Suppose that Luke is entitled to a state pension lump in tax year 2008/09 of £15,000. His other income for 2008/09 consists of earnings £20,600 and state pension of £5,000. For the tax year 2008/09 he gets a tax free personal allowance of £6,035. The upper limit at which you are taxed at basic rate is £34,800.

First we need to work out what Luke's income is for tax year 2008/09

Earnings £20,600
State pension £5,000
Less personal allowance (£6,035)
Total income less allowances £19,565

Next we see what the highest rate of tax will be for 2008/09. As Luke's income of £19,565 is not more than the limit of £34,800, this will be charged at the basic 20% rate.

Luke's state pension lump sum is taxed at his highest rate which is 20%.

When he applies for a state pension lump, the Department for Work and Pensions (Pension Service) will ask Luke to advise them of his expected highest rate of Income Tax. Assuming he declares the basic rate, then tax of 20% will be taken off the lump sum at the time it is paid to him.

However if Luke's other income had consisted of earnings of £40,000 and state pension of £5,000 then his highest rate of tax would be 40% and this would be the rate charged on his lump sum.

If at the end of the tax year the rate used is wrong – an overpayment of tax may arise or you may have to pay more tax to make up the difference.



Suppose Kirsten is entitled to a state pension lump in tax year 2008/09 of £12,000. Her other income for 2008/09 consists of earnings £12,000, bank interest of £6,000 and state pension of £3,000. Further suppose that in the tax year 2008/09 she is entitled to a basic personal allowance of £6,0355, the basic rate limit is £34,800 and the rates of tax are 20% basic rate and 40% higher rate.

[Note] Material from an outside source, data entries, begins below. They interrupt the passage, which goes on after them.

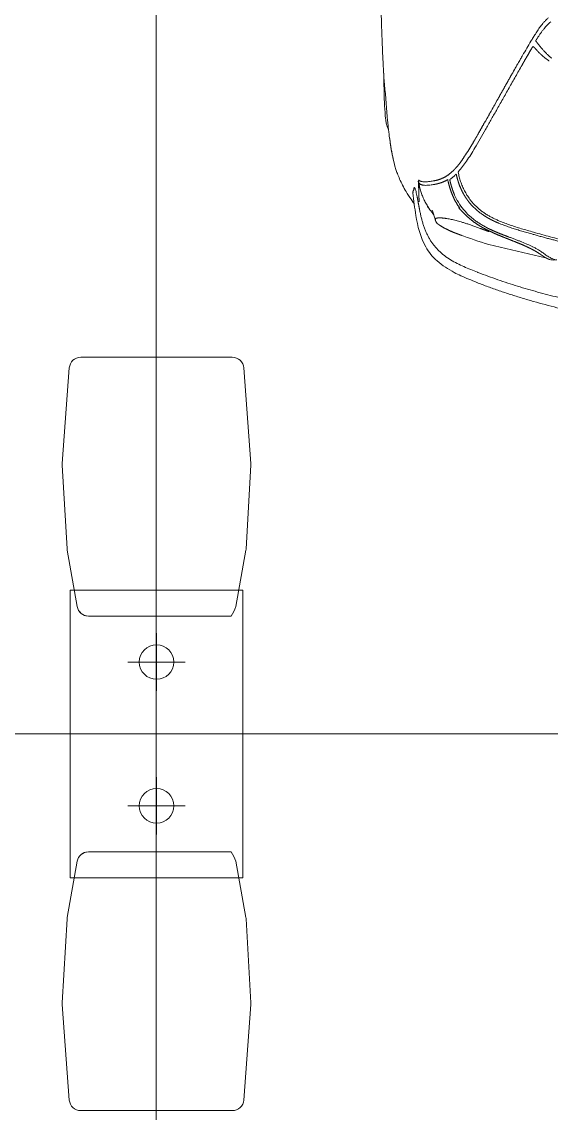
# Model space of a CAD drawing. Extents: x -1286 to 34975, y -230 to 6637.
# Drawn here: x 33551.1 to 33643.1, y 1841.1 to 2030.9 of the extents above; entities that cross this region are included whole.
import ezdxf
from ezdxf.xclip import XClip

# ---------------------------------------------------------------- set-up
doc = ezdxf.new("R2010")
doc.units = 0
doc.header["$LTSCALE"] = 20
doc.header["$XCLIPFRAME"] = 0
doc.layers.get('0').update_dxf_attribs({"color": 9, "lineweight": 9})
for name, color, linetype, lineweight in [('04', 9, 'Continuous', 9), ('06C', 9, 'Continuous', 9), ('06D', 9, 'Continuous', 9)]:
    doc.layers.add(name, color=color, linetype=linetype, lineweight=lineweight)

# ---------------------------------------------------------------- blocks, each defined once
blk = doc.blocks.new('p-araba-polo')
for p, q in [((3.7514, -0.624), (3.7743, -0.5251)), ((3.7299, -0.546), (3.7299, -0.546)), ((3.4392, -0.5659), (3.4392, -0.5659)), ((3.6419, -0.7275), (3.6419, -0.7275)), ((3.4804, -0.8048), (3.4804, -0.8048))]:
    blk.add_line(p, q)
at = {"flags": 128}
for points in [[(3.7308, -0.6835), (3.732, -0.6804), (3.7332, -0.6772), (3.7345, -0.6739)], [(3.6558, -0.7538), (3.6563, -0.7542), (3.6566, -0.7545), (3.6574, -0.7549)], [(3.6574, -0.7549), (3.6583, -0.7553), (3.6593, -0.7556), (3.6605, -0.7556)]]:
    blk.add_lwpolyline(points, dxfattribs=at)
for points, degree, knots in [([(3.8968, 0), (3.8968, -0.0121), (3.8967, -0.0363), (3.8959, -0.0725), (3.8947, -0.1088), (3.893, -0.145), (3.8908, -0.1812), (3.888, -0.2174), (3.8847, -0.2535), (3.8808, -0.2896), (3.8764, -0.3256), (3.8712, -0.3615), (3.8654, -0.3973), (3.8588, -0.4329), (3.8515, -0.4685), (3.8433, -0.5038), (3.8341, -0.5389), (3.824, -0.5737), (3.8128, -0.6082), (3.8043, -0.6309), (3.8001, -0.6422)], 3, [0, 0, 0, 0, 0.055558, 0.111113, 0.166668, 0.222224, 0.277781, 0.333337, 0.388894, 0.44445, 0.500005, 0.55556, 0.611116, 0.666671, 0.722227, 0.777783, 0.833339, 0.888892, 0.944445, 1, 1, 1, 1]), ([(3.8174, -0.6444), (3.8199, -0.638), (3.8249, -0.6251), (3.8318, -0.6056), (3.8384, -0.5859), (3.8446, -0.566), (3.8505, -0.5459), (3.856, -0.5257), (3.8613, -0.5053), (3.8662, -0.4849), (3.8708, -0.4643), (3.8752, -0.4435), (3.8792, -0.4228), (3.883, -0.4019), (3.8866, -0.3809), (3.8899, -0.3599), (3.893, -0.3389), (3.8958, -0.3178), (3.8985, -0.2966), (3.9009, -0.2755), (3.9031, -0.2543), (3.9051, -0.2331), (3.9069, -0.2119), (3.9086, -0.1907), (3.91, -0.1695), (3.9113, -0.1483), (3.9123, -0.1271), (3.9133, -0.1059), (3.914, -0.0847), (3.9146, -0.0635), (3.915, -0.0423), (3.9152, -0.0212), (3.9153, -0.007), (3.9153, 0)], 3, [0, 0, 0, 0, 0.031503, 0.063111, 0.094824, 0.126637, 0.158547, 0.190546, 0.222628, 0.254786, 0.287011, 0.319297, 0.351636, 0.384021, 0.416445, 0.448899, 0.481372, 0.513858, 0.546357, 0.578861, 0.611362, 0.643854, 0.676332, 0.708795, 0.741239, 0.773662, 0.806063, 0.838441, 0.870794, 0.903125, 0.935433, 0.967723, 1, 1, 1, 1]), ([(3.7299, -0.546), (3.7326, -0.5363), (3.7381, -0.5169), (3.7456, -0.4876), (3.7529, -0.4583), (3.7597, -0.4288), (3.7661, -0.3992), (3.7721, -0.3696), (3.7777, -0.3398), (3.7828, -0.31), (3.7875, -0.2801), (3.7918, -0.2501), (3.7957, -0.2201), (3.7992, -0.19), (3.8022, -0.1598), (3.8038, -0.1397), (3.8047, -0.1296)], 3, [0, 0, 0, 0, 0.071461, 0.142913, 0.214376, 0.285822, 0.357282, 0.428734, 0.500167, 0.571583, 0.64299, 0.714393, 0.785796, 0.857198, 0.928599, 1, 1, 1, 1]), ([(3.7735, -0.5185), (3.774, -0.5176), (3.7749, -0.5159), (3.7763, -0.5127), (3.777, -0.5104), (3.7773, -0.5088)], 3, [0, 0, 0, 0, 0.253002, 0.505984, 1, 1, 1, 1]), ([(3.3572, -0.5202), (3.3577, -0.5208), (3.3587, -0.522), (3.3608, -0.5242), (3.3635, -0.5269), (3.367, -0.5299), (3.3705, -0.5327), (3.3741, -0.5354), (3.379, -0.5388), (3.3828, -0.5413), (3.3853, -0.5429)], 3, [0, 0, 0, 0, 0.060335, 0.124578, 0.249278, 0.374233, 0.499321, 0.624409, 0.749543, 1, 1, 1, 1]), ([(3.3918, -0.5389), (3.3904, -0.5381), (3.3878, -0.5363), (3.3839, -0.5336), (3.38, -0.5308), (3.3763, -0.528), (3.3729, -0.5252), (3.3698, -0.5223), (3.3668, -0.5193), (3.365, -0.517), (3.3641, -0.5159)], 3, [0, 0, 0, 0, 0.135189, 0.270177, 0.404927, 0.539624, 0.654876, 0.770059, 0.885089, 1, 1, 1, 1]), ([(3.4273, -0.5145), (3.4262, -0.5159), (3.4239, -0.5188), (3.4208, -0.522), (3.4183, -0.5245), (3.4164, -0.5263), (3.4145, -0.5281), (3.4126, -0.5298), (3.4107, -0.5315), (3.4088, -0.5331), (3.4068, -0.5347), (3.4049, -0.5363), (3.403, -0.5378), (3.4015, -0.539), (3.4005, -0.5397), (3.4, -0.5401), (3.3996, -0.5405), (3.3991, -0.5408), (3.3986, -0.5412), (3.3981, -0.5416), (3.3976, -0.542), (3.3973, -0.5422), (3.3971, -0.5423)], 3, [0, 0, 0, 0, 0.127806, 0.254933, 0.318226, 0.381331, 0.444235, 0.506923, 0.569381, 0.631599, 0.69357, 0.755292, 0.816773, 0.878031, 0.893313, 0.908584, 0.923844, 0.939093, 0.954332, 0.969563, 0.984785, 1, 1, 1, 1]), ([(3.767, -0.5281), (3.7664, -0.5289), (3.7652, -0.5307), (3.763, -0.5338), (3.7607, -0.5375), (3.7581, -0.5419), (3.7563, -0.5454), (3.7554, -0.5472)], 3, [0, 0, 0, 0, 0.200624, 0.400934, 0.600937, 0.800584, 1, 1, 1, 1]), ([(3.7735, -0.5185), (3.773, -0.5194), (3.7719, -0.5212), (3.7697, -0.5243), (3.7679, -0.5268), (3.767, -0.5281)], 3, [0, 0, 0, 0, 0.333348, 0.666684, 1, 1, 1, 1]), ([(3.3853, -0.5429), (3.3873, -0.5442), (3.3915, -0.5467), (3.3997, -0.5518), (3.4101, -0.5579), (3.4204, -0.5638), (3.4274, -0.5679), (3.4315, -0.5702), (3.4335, -0.5714), (3.4347, -0.5721)], 3, [0, 0, 0, 0, 0.124906, 0.24985, 0.49985, 0.749925, 0.874966, 0.92498, 1, 1, 1, 1]), ([(3.403, -0.5378), (3.403, -0.5378), (3.403, -0.5378), (3.403, -0.5378), (3.403, -0.5378), (3.403, -0.5378), (3.403, -0.5378)], 3, [0, 0, 0, 0, 1, 1, 1, 1, 1, 1, 1]), ([(3.403, -0.5378), (3.403, -0.5378), (3.403, -0.5378), (3.403, -0.5378), (3.403, -0.5378), (3.403, -0.5378), (3.403, -0.5378), (3.403, -0.5378), (3.403, -0.5378), (3.403, -0.5378), (3.403, -0.5378), (3.403, -0.5378), (3.403, -0.5378), (3.403, -0.5378), (3.403, -0.5378)], 7, [0, 0, 0, 0, 0, 0, 0, 0, 1, 1, 1, 1, 1, 1, 1, 1, 1, 1, 1, 1, 1, 1, 1]), ([(3.4092, -0.5441), (3.4087, -0.5445), (3.4078, -0.5452), (3.4071, -0.5465), (3.4076, -0.5476), (3.4085, -0.5481), (3.4089, -0.5484)], 3, [0, 0, 0, 0, 0.263807, 0.500052, 0.736261, 1, 1, 1, 1]), ([(3.4089, -0.5484), (3.414, -0.5514), (3.4241, -0.5573), (3.4341, -0.563), (3.4392, -0.5659)], 3, [0, 0, 0, 0, 0.499997, 1, 1, 1, 1]), ([(3.7106, -0.6052), (3.7118, -0.6022), (3.7143, -0.5961), (3.7176, -0.5868), (3.7208, -0.5771), (3.7239, -0.567), (3.7269, -0.5566), (3.7289, -0.5496), (3.7299, -0.546)], 3, [0, 0, 0, 0, 0.155616, 0.31525, 0.479141, 0.64759, 0.821014, 1, 1, 1, 1]), ([(3.7141, -0.6071), (3.7152, -0.6043), (3.7175, -0.5987), (3.7205, -0.5902), (3.7234, -0.5816), (3.7261, -0.573), (3.7287, -0.5643), (3.7312, -0.5556), (3.7328, -0.5498), (3.7337, -0.5469)], 3, [0, 0, 0, 0, 0.14264, 0.285361, 0.428172, 0.571059, 0.714003, 0.856988, 1, 1, 1, 1]), ([(3.4212, -0.5643), (3.4212, -0.5643), (3.4212, -0.5643), (3.4212, -0.5643), (3.4212, -0.5643), (3.4212, -0.5643), (3.4212, -0.5643)], 3, [0, 0, 0, 0, 1, 1, 1, 1, 1, 1, 1]), ([(3.4212, -0.5643), (3.4212, -0.5643), (3.4212, -0.5643), (3.4212, -0.5643), (3.4212, -0.5643), (3.4212, -0.5643), (3.4212, -0.5643)], 3, [0, 0, 0, 0, 1, 1, 1, 1, 1, 1, 1]), ([(3.4392, -0.5659), (3.4459, -0.5697), (3.4593, -0.5774), (3.4791, -0.5886), (3.4988, -0.5997), (3.5116, -0.607), (3.5181, -0.6106)], 3, [0, 0, 0, 0, 0.250005, 0.499995, 0.750003, 1, 1, 1, 1]), ([(3.7468, -0.5666), (3.7461, -0.5684), (3.7447, -0.5719), (3.7426, -0.5774), (3.7405, -0.583), (3.7391, -0.5868), (3.7384, -0.5887)], 3, [0, 0, 0, 0, 0.249816, 0.499724, 0.749781, 1, 1, 1, 1]), ([(3.4347, -0.5721), (3.4414, -0.5759), (3.4547, -0.5834), (3.4744, -0.5945), (3.4939, -0.6055), (3.5066, -0.6127), (3.513, -0.6162)], 3, [0, 0, 0, 0, 0.250088, 0.500081, 0.750046, 1, 1, 1, 1]), ([(3.6746, -0.6553), (3.6762, -0.654), (3.6794, -0.6513), (3.6839, -0.647), (3.6882, -0.6424), (3.6922, -0.6376), (3.6959, -0.6326), (3.6993, -0.6274), (3.7024, -0.622), (3.7054, -0.6165), (3.7081, -0.6109), (3.7098, -0.6071), (3.7106, -0.6052)], 3, [0, 0, 0, 0, 0.099992, 0.199992, 0.299988, 0.399982, 0.499978, 0.599981, 0.699987, 0.79999, 0.899989, 1, 1, 1, 1]), ([(3.513, -0.6162), (3.5186, -0.6194), (3.5299, -0.6257), (3.5464, -0.6351), (3.5626, -0.6443), (3.573, -0.6504), (3.5782, -0.6534)], 3, [0, 0, 0, 0, 0.250068, 0.500042, 0.750043, 1, 1, 1, 1]), ([(3.5181, -0.6106), (3.5237, -0.6138), (3.535, -0.6202), (3.5515, -0.6295), (3.5678, -0.6388), (3.5782, -0.6449), (3.5834, -0.648)], 3, [0, 0, 0, 0, 0.250003, 0.500002, 0.750004, 1, 1, 1, 1]), ([(3.7233, -0.6248), (3.7222, -0.6269), (3.72, -0.6311), (3.7164, -0.6372), (3.7126, -0.6433), (3.7098, -0.6471), (3.7084, -0.649)], 3, [0, 0, 0, 0, 0.250171, 0.500217, 0.75015, 1, 1, 1, 1]), ([(3.6769, -0.6587), (3.6787, -0.6573), (3.6822, -0.6544), (3.6872, -0.6496), (3.6918, -0.6446), (3.6961, -0.6393), (3.6987, -0.6355), (3.7, -0.6336)], 3, [0, 0, 0, 0, 0.199996, 0.399992, 0.599991, 0.799994, 1, 1, 1, 1]), ([(3.7233, -0.6387), (3.7225, -0.6408), (3.7209, -0.645), (3.7187, -0.6513), (3.7166, -0.6574), (3.7147, -0.6635), (3.7135, -0.6673), (3.7129, -0.6693)], 3, [0, 0, 0, 0, 0.200275, 0.400507, 0.60049, 0.800241, 1, 1, 1, 1]), ([(3.7997, -0.6433), (3.7981, -0.6473), (3.7949, -0.6553), (3.7899, -0.6672), (3.7844, -0.6789), (3.7781, -0.6903), (3.7708, -0.7011), (3.765, -0.7075), (3.7621, -0.7107)], 3, [0, 0, 0, 0, 0.166182, 0.332514, 0.49905, 0.665821, 0.832816, 1, 1, 1, 1]), ([(3.7799, -0.7136), (3.7879, -0.7046), (3.7968, -0.6908), (3.8082, -0.6672), (3.8136, -0.654), (3.8172, -0.6448)], 3, [0, 0, 0, 0, 0.458817, 0.622395, 1, 1, 1, 1]), ([(3.5782, -0.6534), (3.5821, -0.6558), (3.5899, -0.6605), (3.5971, -0.6652), (3.6007, -0.6676)], 3, [0, 0, 0, 0, 0.500144, 1, 1, 1, 1]), ([(3.5834, -0.648), (3.5874, -0.6504), (3.5954, -0.6552), (3.6027, -0.66), (3.6063, -0.6624)], 3, [0, 0, 0, 0, 0.500076, 1, 1, 1, 1]), ([(3.6063, -0.6624), (3.6096, -0.6647), (3.6161, -0.6692), (3.6216, -0.6739), (3.6243, -0.6762)], 3, [0, 0, 0, 0, 0.500136, 1, 1, 1, 1]), ([(3.6278, -0.6766), (3.6305, -0.676), (3.6359, -0.6747), (3.644, -0.6721), (3.652, -0.6689), (3.6599, -0.6651), (3.6675, -0.6606), (3.6722, -0.6571), (3.6746, -0.6553)], 3, [0, 0, 0, 0, 0.159308, 0.322994, 0.489699, 0.658429, 0.828591, 1, 1, 1, 1]), ([(3.7084, -0.649), (3.7071, -0.6507), (3.7044, -0.6541), (3.7001, -0.6589), (3.6955, -0.6634), (3.6922, -0.6662), (3.6906, -0.6677)], 3, [0, 0, 0, 0, 0.250005, 0.500006, 0.750004, 1, 1, 1, 1]), ([(3.6243, -0.6762), (3.6245, -0.6764), (3.6249, -0.6768), (3.6263, -0.6769), (3.6273, -0.6767), (3.6278, -0.6766)], 3, [0, 0, 0, 0, 0.33657, 0.664105, 1, 1, 1, 1]), ([(3.6289, -0.6804), (3.631, -0.6799), (3.6352, -0.679), (3.6415, -0.6772), (3.6476, -0.6751), (3.6516, -0.6734), (3.6536, -0.6726)], 3, [0, 0, 0, 0, 0.250006, 0.500007, 0.750006, 1, 1, 1, 1]), ([(3.6843, -0.6769), (3.685, -0.6764), (3.6864, -0.6754), (3.6877, -0.6744), (3.6884, -0.6739)], 3, [0, 0, 0, 0, 0.500012, 1, 1, 1, 1]), ([(3.7129, -0.6693), (3.7124, -0.6709), (3.7114, -0.674), (3.7102, -0.6786), (3.709, -0.6829), (3.708, -0.6871), (3.7072, -0.691), (3.7065, -0.6948), (3.7062, -0.697), (3.706, -0.6982)], 3, [0, 0, 0, 0, 0.143178, 0.285809, 0.428387, 0.571114, 0.714004, 0.856981, 1, 1, 1, 1]), ([(3.7311, -0.6828), (3.7305, -0.6842), (3.7293, -0.687), (3.7276, -0.691), (3.7259, -0.6947), (3.7243, -0.6981), (3.7227, -0.7012), (3.7212, -0.7039), (3.7197, -0.7063), (3.7188, -0.7076), (3.7184, -0.7083)], 3, [0, 0, 0, 0, 0.125001, 0.250002, 0.375002, 0.500002, 0.625002, 0.750002, 0.875001, 1, 1, 1, 1]), ([(3.7349, -0.6727), (3.7343, -0.6745), (3.733, -0.6779), (3.7317, -0.6811), (3.7311, -0.6828)], 3, [0, 0, 0, 0, 0.495547, 1, 1, 1, 1]), ([(3.6381, -0.6911), (3.6372, -0.6899), (3.6354, -0.6874), (3.6331, -0.6849), (3.632, -0.6836)], 3, [0, 0, 0, 0, 0.500029, 1, 1, 1, 1]), ([(3.706, -0.6982), (3.706, -0.6982), (3.706, -0.6982), (3.706, -0.6982), (3.706, -0.6982), (3.706, -0.6982), (3.706, -0.6982)], 3, [0, 0, 0, 0, 1, 1, 1, 1.000001, 1.000001, 1.000001, 1.000001]), ([(3.6409, -0.7204), (3.6411, -0.7217), (3.6415, -0.7242), (3.6417, -0.7264), (3.6419, -0.7275)], 3, [0, 0, 0, 0, 0.500012, 1, 1, 1, 1]), ([(3.6479, -0.7254), (3.6478, -0.7244), (3.6475, -0.7224), (3.6472, -0.72), (3.647, -0.7189)], 3, [0, 0, 0, 0, 0.499774, 1, 1, 1, 1]), ([(3.6848, -0.7302), (3.6849, -0.7301), (3.6905, -0.7267), (3.695, -0.7233), (3.6988, -0.7202), (3.6995, -0.7196)], 3, [0, 0, 0, 0, 0.284317, 0.878632, 1, 1, 1, 1]), ([(3.7009, -0.7505), (3.7197, -0.7475), (3.7493, -0.7404), (3.773, -0.7216), (3.7799, -0.7136)], 3, [0, 0, 0, 0, 0.646551, 1, 1, 1, 1]), ([(3.7056, -0.7145), (3.7057, -0.7149), (3.7061, -0.7158), (3.7068, -0.7165), (3.7077, -0.7169), (3.7085, -0.7168), (3.709, -0.7167), (3.7091, -0.7166)], 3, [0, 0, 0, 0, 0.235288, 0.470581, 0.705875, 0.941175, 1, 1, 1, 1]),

Firstly determine what Kirsten's income is for tax year 2008/09

Earnings £12,535
State pension £3,000
Savings income £6,000
Less personal allowance (£6,035)
Total income less deductions £15,500

Next determine the highest (or marginal) rate of tax for 2008/09.

For working out the rate of tax due on the lump sum the special rates that are used to tax savings income (the 10% savings rate (£2,320 for 2008/09) and the 20% lower rate which you will see with bank and building society interest) and dividend income (the 10% ordinary dividend rate) falling within the basic rate band are ignored, so all of the remaining £15,500 is treated as income to which the basic rate (20%) applies.

The highest (or marginal) rate for charging Kirsten's state pension lump is therefore the basic rate of 20%.